Your objective:
Every line of the records that contains the string "pitch" counts once; give the total and nothing else.

Data records:
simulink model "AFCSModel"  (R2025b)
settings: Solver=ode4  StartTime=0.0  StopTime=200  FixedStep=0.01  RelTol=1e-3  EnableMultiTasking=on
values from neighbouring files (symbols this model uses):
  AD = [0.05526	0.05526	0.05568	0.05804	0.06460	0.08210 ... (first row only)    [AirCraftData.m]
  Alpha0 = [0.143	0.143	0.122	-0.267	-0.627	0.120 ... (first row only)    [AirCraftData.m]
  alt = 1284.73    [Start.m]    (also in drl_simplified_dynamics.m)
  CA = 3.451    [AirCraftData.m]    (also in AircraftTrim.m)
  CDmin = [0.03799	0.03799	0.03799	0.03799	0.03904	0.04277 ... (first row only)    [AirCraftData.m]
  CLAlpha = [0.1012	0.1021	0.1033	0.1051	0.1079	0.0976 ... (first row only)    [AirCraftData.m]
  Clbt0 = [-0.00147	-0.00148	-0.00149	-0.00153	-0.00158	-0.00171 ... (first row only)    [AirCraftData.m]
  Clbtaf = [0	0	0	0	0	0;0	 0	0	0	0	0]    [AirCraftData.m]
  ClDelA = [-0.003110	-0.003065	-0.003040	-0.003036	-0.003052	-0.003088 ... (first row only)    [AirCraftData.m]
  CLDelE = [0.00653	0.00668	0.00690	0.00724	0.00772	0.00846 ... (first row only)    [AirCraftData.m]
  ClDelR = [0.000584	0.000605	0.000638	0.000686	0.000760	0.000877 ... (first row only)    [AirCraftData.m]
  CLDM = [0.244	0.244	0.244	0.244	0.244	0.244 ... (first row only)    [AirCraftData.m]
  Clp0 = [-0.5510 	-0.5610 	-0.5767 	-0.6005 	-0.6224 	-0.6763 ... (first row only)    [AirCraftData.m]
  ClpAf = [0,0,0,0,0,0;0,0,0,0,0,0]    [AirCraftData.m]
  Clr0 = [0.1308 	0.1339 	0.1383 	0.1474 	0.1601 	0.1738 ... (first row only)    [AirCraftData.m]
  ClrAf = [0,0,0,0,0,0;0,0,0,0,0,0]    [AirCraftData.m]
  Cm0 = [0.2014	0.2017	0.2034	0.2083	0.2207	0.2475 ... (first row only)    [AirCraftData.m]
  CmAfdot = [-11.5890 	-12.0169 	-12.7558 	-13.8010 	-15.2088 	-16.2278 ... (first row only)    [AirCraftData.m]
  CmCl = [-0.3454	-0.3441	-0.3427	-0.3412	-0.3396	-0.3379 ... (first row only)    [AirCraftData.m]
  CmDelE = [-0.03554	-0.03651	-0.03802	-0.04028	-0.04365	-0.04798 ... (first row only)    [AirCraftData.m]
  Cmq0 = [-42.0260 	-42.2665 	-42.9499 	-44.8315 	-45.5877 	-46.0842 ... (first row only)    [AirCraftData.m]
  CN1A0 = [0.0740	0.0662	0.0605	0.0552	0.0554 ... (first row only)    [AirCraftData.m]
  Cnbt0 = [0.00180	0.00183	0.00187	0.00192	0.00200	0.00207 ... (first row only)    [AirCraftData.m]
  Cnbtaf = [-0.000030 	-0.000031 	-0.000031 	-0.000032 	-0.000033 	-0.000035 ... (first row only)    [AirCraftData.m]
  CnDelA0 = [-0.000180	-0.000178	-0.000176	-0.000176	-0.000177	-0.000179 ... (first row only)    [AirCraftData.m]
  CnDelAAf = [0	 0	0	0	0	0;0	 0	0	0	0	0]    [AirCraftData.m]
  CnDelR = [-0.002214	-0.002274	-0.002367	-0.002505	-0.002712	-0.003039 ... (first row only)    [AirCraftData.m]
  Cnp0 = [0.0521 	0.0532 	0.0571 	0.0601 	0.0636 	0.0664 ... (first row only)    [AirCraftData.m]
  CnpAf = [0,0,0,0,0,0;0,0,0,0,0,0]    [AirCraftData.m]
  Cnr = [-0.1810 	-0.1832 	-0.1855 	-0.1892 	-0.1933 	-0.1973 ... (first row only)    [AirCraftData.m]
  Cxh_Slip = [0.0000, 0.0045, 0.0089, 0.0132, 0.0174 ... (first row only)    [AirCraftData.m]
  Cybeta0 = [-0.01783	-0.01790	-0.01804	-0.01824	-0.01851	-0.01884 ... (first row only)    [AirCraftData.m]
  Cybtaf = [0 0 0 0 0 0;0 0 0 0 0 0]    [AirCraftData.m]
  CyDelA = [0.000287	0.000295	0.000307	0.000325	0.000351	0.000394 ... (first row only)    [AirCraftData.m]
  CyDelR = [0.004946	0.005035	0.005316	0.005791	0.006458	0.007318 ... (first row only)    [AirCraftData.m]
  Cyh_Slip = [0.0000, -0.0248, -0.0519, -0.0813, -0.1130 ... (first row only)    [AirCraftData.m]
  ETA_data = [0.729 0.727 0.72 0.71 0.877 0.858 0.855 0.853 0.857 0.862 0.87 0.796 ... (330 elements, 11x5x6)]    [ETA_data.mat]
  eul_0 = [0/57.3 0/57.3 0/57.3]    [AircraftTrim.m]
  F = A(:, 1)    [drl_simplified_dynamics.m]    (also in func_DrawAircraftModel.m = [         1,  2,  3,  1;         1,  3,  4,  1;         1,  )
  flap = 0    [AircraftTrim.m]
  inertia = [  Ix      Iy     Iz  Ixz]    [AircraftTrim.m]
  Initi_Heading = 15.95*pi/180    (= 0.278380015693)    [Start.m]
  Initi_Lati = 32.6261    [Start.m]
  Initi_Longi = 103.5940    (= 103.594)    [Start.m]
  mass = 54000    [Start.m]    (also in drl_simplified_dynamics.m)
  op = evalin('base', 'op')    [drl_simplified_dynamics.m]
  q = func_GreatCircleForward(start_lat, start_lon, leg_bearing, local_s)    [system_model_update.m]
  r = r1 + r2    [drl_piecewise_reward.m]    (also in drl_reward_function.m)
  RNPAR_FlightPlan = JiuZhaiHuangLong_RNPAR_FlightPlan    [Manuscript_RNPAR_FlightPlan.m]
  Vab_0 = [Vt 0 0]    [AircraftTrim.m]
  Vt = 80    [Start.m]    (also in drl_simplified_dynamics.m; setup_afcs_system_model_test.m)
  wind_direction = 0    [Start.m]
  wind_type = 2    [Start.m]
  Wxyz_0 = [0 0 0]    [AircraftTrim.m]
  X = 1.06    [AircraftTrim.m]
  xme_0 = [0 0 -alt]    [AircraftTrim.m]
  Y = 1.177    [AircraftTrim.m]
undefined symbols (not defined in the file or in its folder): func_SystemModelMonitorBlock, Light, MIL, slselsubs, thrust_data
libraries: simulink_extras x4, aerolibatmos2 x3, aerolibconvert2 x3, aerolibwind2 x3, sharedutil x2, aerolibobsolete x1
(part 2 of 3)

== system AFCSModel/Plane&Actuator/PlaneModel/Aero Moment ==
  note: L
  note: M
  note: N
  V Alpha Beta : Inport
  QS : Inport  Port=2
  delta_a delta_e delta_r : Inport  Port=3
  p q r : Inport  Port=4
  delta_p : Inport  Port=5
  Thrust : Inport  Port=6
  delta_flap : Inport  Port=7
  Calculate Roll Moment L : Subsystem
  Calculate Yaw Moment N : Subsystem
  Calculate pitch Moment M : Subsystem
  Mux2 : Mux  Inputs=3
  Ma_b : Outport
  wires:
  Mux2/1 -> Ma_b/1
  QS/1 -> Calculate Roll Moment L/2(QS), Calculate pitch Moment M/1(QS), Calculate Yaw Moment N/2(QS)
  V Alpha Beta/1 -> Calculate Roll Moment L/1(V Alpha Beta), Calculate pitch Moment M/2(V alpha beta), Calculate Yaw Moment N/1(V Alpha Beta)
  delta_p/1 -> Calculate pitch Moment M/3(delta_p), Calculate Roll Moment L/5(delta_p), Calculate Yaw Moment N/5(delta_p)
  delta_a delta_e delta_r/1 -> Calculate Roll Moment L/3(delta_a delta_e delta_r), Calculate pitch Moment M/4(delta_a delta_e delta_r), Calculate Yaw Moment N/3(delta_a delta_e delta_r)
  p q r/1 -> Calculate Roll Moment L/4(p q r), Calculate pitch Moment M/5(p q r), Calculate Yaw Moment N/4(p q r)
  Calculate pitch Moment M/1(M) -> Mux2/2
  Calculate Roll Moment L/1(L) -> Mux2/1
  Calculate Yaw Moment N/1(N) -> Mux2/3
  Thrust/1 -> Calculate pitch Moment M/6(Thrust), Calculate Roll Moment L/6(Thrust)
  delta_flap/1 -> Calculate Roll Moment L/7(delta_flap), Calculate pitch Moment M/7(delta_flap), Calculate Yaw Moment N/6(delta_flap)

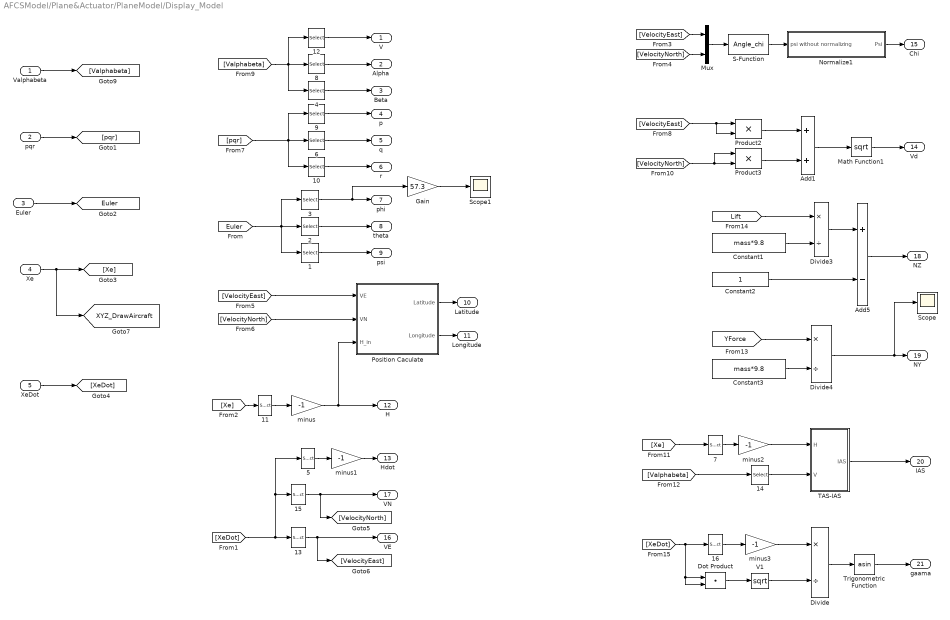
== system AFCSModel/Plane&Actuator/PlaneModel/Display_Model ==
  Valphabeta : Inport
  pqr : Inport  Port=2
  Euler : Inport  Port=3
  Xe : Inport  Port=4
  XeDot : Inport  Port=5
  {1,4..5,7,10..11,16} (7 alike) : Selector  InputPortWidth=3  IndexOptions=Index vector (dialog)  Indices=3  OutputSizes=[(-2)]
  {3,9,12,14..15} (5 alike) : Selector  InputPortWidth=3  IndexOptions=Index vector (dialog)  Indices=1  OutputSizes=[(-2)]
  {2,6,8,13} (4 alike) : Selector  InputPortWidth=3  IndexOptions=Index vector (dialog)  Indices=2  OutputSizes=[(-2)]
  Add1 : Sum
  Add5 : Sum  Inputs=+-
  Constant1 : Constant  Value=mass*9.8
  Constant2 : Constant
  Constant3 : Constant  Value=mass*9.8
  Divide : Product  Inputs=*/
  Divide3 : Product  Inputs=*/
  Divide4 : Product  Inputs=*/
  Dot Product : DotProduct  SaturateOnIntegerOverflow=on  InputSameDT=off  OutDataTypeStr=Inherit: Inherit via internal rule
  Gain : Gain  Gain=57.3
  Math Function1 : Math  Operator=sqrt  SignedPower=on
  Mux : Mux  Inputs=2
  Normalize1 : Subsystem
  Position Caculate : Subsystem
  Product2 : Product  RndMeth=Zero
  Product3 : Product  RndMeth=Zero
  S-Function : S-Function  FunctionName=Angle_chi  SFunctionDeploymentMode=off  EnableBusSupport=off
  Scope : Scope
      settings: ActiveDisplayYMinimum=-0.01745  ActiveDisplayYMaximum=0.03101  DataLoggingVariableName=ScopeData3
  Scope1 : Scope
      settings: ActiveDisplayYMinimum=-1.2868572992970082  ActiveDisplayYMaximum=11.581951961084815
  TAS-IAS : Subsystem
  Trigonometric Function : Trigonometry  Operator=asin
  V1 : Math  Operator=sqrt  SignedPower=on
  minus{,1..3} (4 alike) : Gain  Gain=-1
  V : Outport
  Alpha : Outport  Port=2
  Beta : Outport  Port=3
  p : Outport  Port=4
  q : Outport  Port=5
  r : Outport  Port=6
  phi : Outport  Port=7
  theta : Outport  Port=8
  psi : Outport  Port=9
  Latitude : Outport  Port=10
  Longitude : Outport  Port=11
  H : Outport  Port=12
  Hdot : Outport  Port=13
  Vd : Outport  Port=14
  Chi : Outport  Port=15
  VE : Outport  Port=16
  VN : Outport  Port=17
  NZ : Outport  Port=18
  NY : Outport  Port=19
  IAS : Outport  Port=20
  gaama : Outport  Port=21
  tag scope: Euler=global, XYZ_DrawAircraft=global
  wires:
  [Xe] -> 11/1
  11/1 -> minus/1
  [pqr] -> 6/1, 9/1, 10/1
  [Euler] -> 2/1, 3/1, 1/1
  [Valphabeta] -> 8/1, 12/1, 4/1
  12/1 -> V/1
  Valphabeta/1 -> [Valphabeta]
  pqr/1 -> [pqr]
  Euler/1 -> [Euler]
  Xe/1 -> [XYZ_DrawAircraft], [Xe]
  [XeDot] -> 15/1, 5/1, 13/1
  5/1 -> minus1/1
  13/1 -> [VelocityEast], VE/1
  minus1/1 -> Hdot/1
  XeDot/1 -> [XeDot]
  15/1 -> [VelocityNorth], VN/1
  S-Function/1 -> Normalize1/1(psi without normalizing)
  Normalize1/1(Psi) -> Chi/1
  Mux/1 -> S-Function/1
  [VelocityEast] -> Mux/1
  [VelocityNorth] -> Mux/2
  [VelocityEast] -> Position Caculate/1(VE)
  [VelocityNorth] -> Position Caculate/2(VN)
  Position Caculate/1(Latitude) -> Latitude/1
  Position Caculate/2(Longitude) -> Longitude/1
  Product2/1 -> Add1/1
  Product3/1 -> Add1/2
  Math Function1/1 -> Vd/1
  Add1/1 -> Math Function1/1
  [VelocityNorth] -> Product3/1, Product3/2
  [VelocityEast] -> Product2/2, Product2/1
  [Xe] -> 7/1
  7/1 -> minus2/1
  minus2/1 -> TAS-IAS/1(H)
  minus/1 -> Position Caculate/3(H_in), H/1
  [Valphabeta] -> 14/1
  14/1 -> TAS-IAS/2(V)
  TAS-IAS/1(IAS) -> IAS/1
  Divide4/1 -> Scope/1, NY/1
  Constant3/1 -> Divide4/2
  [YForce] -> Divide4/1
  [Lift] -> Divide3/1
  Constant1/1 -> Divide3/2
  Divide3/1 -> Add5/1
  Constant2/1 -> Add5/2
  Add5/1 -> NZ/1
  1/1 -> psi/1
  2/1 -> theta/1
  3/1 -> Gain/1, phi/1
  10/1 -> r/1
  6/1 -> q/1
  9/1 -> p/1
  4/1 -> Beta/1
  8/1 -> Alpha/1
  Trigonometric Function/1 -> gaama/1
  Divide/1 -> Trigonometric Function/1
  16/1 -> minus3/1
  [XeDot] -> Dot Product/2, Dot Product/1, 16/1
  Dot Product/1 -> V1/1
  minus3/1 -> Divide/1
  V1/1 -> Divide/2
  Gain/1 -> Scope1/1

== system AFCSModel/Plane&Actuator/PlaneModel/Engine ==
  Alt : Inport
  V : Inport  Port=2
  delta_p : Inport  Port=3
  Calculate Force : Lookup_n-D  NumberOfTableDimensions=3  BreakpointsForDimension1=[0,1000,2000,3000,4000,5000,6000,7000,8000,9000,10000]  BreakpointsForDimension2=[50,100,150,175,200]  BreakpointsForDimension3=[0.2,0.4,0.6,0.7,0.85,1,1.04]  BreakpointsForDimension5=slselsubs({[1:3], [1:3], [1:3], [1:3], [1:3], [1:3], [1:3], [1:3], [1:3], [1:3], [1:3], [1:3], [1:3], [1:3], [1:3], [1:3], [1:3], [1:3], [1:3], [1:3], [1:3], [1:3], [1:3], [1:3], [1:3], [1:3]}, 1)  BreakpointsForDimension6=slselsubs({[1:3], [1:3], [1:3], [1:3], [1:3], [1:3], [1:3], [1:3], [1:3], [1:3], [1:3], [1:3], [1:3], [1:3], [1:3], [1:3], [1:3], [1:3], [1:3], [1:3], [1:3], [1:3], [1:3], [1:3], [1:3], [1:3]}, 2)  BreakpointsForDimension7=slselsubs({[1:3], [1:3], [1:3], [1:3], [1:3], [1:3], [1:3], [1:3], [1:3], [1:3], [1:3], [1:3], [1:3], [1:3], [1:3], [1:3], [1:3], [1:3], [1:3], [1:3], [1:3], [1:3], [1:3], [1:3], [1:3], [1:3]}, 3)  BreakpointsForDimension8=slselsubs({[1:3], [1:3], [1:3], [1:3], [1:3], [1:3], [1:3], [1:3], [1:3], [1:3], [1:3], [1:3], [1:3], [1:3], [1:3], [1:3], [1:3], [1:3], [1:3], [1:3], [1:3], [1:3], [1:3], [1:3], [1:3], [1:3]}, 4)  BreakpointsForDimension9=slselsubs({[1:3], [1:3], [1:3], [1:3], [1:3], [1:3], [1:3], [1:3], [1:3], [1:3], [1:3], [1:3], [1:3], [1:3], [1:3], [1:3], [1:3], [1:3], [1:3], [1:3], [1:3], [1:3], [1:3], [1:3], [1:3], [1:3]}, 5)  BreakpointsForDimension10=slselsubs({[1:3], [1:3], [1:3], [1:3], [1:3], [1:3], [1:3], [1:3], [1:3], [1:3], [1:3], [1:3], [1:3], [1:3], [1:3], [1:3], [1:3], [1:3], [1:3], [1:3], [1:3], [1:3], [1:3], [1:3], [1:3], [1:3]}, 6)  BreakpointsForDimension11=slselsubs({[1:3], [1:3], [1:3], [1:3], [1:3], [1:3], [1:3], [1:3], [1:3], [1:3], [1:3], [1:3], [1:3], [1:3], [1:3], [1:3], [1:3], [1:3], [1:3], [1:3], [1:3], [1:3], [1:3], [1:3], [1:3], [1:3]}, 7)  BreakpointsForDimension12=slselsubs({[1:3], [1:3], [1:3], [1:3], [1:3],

Exercise solution:
9